**EXERCISE REQUIREMENTS**
If a line in the data contains "stroke", copy it out.

[Saved entries]

▼▼▼

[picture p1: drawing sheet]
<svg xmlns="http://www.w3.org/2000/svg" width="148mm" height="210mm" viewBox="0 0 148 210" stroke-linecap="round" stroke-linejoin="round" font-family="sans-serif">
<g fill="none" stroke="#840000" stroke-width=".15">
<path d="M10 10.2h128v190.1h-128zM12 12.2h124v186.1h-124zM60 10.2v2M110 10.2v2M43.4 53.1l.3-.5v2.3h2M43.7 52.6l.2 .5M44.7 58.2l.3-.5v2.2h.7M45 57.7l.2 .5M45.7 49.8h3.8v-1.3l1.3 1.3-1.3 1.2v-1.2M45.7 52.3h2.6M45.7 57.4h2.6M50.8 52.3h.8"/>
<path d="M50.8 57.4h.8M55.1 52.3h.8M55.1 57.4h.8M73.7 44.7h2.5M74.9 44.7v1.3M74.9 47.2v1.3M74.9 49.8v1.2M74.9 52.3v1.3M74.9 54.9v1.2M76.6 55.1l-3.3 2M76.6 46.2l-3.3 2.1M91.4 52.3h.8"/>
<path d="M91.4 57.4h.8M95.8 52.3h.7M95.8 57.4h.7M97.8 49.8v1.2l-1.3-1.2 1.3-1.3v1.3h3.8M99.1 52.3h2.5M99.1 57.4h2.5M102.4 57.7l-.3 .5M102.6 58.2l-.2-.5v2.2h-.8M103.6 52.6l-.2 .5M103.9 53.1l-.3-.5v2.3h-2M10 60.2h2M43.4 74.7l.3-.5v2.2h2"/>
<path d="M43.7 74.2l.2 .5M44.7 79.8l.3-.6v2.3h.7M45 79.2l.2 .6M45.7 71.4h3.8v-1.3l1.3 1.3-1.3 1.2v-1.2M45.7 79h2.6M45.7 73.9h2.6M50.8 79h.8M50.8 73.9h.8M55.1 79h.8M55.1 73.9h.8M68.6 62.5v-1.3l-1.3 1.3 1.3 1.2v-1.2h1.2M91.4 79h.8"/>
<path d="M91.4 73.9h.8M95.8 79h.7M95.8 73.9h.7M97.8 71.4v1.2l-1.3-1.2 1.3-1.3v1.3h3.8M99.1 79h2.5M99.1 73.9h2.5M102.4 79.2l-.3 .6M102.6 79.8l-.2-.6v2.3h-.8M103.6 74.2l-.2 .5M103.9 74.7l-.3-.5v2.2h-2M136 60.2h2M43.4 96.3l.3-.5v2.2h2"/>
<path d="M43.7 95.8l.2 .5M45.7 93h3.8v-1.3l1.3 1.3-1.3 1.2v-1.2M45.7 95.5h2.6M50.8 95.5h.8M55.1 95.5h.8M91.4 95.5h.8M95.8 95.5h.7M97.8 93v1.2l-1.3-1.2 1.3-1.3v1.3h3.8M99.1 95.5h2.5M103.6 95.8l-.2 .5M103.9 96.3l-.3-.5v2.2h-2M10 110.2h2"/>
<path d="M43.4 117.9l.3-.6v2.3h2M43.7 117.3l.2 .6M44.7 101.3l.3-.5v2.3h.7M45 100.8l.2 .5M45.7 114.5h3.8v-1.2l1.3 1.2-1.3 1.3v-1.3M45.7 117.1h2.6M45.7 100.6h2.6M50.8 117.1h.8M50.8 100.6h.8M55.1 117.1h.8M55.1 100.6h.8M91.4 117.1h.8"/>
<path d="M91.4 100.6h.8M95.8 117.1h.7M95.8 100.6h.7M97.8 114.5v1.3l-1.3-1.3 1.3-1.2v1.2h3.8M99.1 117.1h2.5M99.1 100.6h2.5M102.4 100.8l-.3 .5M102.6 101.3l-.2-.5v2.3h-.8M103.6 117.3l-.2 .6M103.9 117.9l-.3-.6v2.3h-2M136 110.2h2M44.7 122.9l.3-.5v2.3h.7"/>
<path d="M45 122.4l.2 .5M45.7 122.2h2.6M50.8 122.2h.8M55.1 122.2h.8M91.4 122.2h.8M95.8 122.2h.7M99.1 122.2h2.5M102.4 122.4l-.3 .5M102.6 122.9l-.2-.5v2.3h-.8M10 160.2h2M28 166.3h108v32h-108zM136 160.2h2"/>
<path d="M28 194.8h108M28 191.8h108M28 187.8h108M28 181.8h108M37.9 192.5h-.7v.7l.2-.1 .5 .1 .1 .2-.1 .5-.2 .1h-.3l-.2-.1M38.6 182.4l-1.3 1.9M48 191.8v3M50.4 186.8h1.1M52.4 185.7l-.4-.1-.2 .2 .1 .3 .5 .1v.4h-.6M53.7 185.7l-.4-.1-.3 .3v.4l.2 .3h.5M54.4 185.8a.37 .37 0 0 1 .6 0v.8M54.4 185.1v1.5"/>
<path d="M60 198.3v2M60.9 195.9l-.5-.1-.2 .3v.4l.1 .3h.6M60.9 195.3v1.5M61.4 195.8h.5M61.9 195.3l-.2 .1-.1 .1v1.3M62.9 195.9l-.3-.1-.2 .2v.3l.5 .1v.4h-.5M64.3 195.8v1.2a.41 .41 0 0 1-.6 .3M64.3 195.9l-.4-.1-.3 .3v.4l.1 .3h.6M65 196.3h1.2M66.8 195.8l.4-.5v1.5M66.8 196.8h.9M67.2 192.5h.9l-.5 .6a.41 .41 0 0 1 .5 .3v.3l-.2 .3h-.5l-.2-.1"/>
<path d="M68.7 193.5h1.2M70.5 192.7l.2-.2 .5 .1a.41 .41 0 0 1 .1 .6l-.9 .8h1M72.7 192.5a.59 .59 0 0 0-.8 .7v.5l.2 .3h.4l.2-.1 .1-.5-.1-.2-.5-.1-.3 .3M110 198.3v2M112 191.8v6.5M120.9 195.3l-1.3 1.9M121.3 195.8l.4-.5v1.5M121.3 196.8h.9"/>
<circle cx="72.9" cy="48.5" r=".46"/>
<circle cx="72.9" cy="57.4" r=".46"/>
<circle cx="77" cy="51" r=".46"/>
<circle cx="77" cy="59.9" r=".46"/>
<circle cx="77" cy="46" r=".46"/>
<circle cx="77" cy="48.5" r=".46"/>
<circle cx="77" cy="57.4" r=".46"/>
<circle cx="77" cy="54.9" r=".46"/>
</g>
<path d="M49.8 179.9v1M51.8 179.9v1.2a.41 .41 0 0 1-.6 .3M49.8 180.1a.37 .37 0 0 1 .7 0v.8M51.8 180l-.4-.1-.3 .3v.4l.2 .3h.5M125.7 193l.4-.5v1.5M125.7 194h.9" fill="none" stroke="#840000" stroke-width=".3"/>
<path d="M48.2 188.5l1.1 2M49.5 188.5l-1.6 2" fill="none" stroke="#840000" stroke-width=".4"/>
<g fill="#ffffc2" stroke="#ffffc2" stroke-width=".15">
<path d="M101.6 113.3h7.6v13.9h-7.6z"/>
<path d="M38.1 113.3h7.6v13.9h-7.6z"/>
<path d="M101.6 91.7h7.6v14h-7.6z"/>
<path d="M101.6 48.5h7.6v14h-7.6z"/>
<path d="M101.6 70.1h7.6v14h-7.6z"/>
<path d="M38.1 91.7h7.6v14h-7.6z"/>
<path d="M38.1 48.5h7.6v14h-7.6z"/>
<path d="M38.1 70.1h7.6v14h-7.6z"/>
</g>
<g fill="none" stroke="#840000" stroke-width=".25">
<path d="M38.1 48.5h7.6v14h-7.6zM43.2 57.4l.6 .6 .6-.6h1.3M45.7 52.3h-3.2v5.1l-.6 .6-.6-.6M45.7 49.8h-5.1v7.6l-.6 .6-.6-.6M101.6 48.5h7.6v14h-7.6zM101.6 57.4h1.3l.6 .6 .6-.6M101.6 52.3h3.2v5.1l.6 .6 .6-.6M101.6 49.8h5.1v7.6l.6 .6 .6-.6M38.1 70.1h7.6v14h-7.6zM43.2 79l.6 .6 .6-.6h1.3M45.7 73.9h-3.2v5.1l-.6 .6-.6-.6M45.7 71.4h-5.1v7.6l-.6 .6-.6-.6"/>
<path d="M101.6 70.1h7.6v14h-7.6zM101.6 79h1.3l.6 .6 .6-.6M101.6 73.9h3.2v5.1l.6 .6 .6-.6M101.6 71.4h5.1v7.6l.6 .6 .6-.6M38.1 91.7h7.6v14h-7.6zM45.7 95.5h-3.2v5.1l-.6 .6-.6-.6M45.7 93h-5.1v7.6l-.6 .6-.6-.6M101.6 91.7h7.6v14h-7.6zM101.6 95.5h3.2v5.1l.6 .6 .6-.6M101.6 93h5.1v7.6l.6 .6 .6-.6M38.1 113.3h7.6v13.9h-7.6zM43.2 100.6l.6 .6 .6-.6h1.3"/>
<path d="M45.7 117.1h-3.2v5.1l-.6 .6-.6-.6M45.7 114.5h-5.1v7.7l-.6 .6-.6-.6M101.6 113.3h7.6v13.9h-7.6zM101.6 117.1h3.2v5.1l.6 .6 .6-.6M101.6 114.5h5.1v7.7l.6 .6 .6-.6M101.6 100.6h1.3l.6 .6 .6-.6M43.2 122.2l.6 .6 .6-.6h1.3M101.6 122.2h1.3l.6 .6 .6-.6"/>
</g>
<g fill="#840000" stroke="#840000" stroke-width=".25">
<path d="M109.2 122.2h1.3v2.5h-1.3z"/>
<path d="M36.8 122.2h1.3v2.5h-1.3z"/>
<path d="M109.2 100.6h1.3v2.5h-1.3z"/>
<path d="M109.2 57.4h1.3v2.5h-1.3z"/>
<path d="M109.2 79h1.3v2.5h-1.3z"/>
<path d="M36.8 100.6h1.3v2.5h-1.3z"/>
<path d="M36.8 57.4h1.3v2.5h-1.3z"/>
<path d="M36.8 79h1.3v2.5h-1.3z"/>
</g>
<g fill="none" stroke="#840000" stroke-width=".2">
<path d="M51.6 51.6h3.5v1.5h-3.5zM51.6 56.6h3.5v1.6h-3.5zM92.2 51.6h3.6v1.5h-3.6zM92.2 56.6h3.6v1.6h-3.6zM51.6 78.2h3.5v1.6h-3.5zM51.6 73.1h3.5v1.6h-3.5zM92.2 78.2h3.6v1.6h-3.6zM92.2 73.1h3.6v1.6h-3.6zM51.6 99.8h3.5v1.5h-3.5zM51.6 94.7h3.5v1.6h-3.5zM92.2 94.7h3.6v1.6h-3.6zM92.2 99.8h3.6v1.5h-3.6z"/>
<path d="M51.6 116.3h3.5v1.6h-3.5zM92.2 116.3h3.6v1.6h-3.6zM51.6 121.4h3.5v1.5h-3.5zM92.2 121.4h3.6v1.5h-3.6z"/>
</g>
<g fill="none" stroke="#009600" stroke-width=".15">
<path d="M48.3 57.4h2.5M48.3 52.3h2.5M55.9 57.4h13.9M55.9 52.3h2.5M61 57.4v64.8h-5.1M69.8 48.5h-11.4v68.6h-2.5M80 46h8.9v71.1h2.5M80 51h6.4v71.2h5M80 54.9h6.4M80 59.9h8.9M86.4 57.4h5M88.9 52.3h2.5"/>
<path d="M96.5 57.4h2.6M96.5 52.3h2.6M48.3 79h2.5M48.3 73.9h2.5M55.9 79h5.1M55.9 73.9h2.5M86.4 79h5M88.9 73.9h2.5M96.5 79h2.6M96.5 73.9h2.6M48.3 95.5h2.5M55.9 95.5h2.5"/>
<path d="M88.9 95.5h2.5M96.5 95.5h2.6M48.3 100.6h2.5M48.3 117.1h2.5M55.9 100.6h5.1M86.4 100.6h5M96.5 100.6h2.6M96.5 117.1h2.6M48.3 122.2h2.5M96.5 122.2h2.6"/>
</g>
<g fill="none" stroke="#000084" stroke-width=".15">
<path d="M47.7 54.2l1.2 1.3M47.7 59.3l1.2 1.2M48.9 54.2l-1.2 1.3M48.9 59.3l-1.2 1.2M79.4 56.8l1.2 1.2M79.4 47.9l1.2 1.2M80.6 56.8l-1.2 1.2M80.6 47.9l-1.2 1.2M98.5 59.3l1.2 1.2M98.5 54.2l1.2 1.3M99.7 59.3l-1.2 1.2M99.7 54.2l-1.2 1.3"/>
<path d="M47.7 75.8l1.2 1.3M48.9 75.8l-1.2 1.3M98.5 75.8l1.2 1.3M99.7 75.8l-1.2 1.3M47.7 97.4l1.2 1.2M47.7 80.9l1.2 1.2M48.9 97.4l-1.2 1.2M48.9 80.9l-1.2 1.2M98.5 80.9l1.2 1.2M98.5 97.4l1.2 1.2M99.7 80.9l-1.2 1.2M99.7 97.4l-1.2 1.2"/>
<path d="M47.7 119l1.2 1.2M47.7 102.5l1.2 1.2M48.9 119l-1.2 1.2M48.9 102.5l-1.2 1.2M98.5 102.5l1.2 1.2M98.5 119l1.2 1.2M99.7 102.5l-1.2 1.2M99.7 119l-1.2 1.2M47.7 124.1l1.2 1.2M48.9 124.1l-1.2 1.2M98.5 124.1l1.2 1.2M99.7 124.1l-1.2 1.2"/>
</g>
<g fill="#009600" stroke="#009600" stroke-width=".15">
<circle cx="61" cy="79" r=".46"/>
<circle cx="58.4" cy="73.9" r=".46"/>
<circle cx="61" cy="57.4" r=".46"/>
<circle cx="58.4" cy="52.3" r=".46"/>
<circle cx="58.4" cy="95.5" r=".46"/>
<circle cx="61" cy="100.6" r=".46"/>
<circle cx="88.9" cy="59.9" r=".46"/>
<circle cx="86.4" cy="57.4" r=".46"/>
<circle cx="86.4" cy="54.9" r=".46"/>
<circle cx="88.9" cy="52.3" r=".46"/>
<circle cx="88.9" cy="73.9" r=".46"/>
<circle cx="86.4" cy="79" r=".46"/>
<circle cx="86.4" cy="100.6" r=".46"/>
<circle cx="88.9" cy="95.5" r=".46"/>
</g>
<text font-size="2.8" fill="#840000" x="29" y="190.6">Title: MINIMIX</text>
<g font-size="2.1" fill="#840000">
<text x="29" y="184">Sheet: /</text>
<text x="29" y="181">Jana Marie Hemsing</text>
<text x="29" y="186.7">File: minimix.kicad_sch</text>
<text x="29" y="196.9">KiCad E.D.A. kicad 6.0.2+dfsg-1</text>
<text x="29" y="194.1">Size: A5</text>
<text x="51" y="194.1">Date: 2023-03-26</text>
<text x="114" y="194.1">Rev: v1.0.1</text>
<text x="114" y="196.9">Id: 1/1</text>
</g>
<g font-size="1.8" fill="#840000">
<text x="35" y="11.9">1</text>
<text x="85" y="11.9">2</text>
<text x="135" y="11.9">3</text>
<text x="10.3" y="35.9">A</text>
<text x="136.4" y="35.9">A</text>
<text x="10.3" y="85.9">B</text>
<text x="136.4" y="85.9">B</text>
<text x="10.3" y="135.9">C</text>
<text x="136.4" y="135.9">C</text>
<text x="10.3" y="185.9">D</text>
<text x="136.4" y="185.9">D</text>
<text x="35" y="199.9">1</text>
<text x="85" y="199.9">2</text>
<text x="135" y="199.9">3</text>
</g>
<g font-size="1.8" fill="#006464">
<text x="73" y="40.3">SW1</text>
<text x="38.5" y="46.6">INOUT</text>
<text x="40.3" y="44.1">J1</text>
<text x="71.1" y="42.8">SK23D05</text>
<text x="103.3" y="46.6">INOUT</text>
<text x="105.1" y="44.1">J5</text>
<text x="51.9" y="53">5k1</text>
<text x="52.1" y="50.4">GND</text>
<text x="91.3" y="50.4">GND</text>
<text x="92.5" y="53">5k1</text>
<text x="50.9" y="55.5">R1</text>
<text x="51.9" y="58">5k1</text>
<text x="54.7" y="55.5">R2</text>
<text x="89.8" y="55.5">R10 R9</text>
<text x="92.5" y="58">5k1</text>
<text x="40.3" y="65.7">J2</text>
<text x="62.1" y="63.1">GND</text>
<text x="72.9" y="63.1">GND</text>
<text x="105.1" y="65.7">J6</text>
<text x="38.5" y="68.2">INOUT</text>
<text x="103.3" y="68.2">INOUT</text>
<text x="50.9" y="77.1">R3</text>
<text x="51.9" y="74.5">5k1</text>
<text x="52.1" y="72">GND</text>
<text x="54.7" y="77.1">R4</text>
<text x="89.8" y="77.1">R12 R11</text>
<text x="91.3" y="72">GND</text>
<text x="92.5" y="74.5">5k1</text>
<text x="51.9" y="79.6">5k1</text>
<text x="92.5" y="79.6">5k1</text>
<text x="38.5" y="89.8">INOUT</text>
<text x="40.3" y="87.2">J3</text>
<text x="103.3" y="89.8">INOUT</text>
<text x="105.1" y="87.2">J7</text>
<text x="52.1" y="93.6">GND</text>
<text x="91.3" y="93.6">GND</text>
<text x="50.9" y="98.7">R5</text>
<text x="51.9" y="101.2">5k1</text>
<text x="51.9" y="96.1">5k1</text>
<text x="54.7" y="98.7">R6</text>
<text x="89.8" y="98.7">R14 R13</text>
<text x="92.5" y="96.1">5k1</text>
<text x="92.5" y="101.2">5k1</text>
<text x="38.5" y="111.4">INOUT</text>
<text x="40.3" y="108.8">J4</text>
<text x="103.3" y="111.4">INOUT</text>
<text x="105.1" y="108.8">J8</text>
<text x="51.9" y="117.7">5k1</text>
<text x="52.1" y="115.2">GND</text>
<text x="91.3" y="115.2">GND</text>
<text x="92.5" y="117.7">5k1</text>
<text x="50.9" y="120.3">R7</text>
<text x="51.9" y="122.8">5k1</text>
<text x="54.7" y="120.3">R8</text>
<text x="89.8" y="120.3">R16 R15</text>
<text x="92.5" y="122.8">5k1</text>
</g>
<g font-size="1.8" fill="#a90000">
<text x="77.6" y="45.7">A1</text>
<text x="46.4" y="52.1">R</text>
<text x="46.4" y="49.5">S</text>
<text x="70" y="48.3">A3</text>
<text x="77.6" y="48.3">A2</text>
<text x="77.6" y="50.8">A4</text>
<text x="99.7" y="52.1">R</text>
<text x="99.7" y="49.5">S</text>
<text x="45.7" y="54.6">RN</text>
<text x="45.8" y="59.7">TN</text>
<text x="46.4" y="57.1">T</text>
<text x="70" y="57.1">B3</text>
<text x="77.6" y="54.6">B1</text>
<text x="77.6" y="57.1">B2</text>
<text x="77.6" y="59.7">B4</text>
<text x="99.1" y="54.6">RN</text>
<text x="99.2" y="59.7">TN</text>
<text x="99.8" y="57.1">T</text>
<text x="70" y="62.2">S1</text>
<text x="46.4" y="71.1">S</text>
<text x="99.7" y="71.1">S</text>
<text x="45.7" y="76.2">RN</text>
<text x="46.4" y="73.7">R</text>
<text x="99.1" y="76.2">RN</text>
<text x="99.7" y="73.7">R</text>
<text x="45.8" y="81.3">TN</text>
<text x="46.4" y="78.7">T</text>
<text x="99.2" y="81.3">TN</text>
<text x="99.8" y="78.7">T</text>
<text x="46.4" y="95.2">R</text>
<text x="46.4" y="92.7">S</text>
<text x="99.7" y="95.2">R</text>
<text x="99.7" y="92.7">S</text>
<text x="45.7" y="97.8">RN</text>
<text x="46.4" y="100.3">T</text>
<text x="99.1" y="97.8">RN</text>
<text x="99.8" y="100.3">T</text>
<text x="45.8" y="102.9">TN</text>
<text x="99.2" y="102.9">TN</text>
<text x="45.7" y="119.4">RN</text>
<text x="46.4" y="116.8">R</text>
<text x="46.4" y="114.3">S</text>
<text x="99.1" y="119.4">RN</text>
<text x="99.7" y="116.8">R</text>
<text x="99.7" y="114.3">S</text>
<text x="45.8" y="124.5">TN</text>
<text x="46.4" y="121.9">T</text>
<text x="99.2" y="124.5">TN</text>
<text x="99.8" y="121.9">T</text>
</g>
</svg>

▲▲▲

**SOLUTION**
<svg xmlns="http://www.w3.org/2000/svg" width="148mm" height="210mm" viewBox="0 0 148 210" stroke-linecap="round" stroke-linejoin="round" font-family="sans-serif">
<g fill="none" stroke="#840000" stroke-width=".15">
<path d="M49.8 179.9v1M51.8 179.9v1.2a.41 .41 0 0 1-.6 .3M49.8 180.1a.37 .37 0 0 1 .7 0v.8M51.8 180l-.4-.1-.3 .3v.4l.2 .3h.5M125.7 193l.4-.5v1.5M125.7 194h.9" fill="none" stroke="#840000" stroke-width=".3"/>
<path d="M48.2 188.5l1.1 2M49.5 188.5l-1.6 2" fill="none" stroke="#840000" stroke-width=".4"/>
<g fill="#ffffc2" stroke="#ffffc2" stroke-width=".15">
<g fill="none" stroke="#840000" stroke-width=".25">
<g fill="#840000" stroke="#840000" stroke-width=".25">
<g fill="none" stroke="#840000" stroke-width=".2">
<g fill="none" stroke="#009600" stroke-width=".15">
<g fill="none" stroke="#000084" stroke-width=".15">
<g fill="#009600" stroke="#009600" stroke-width=".15">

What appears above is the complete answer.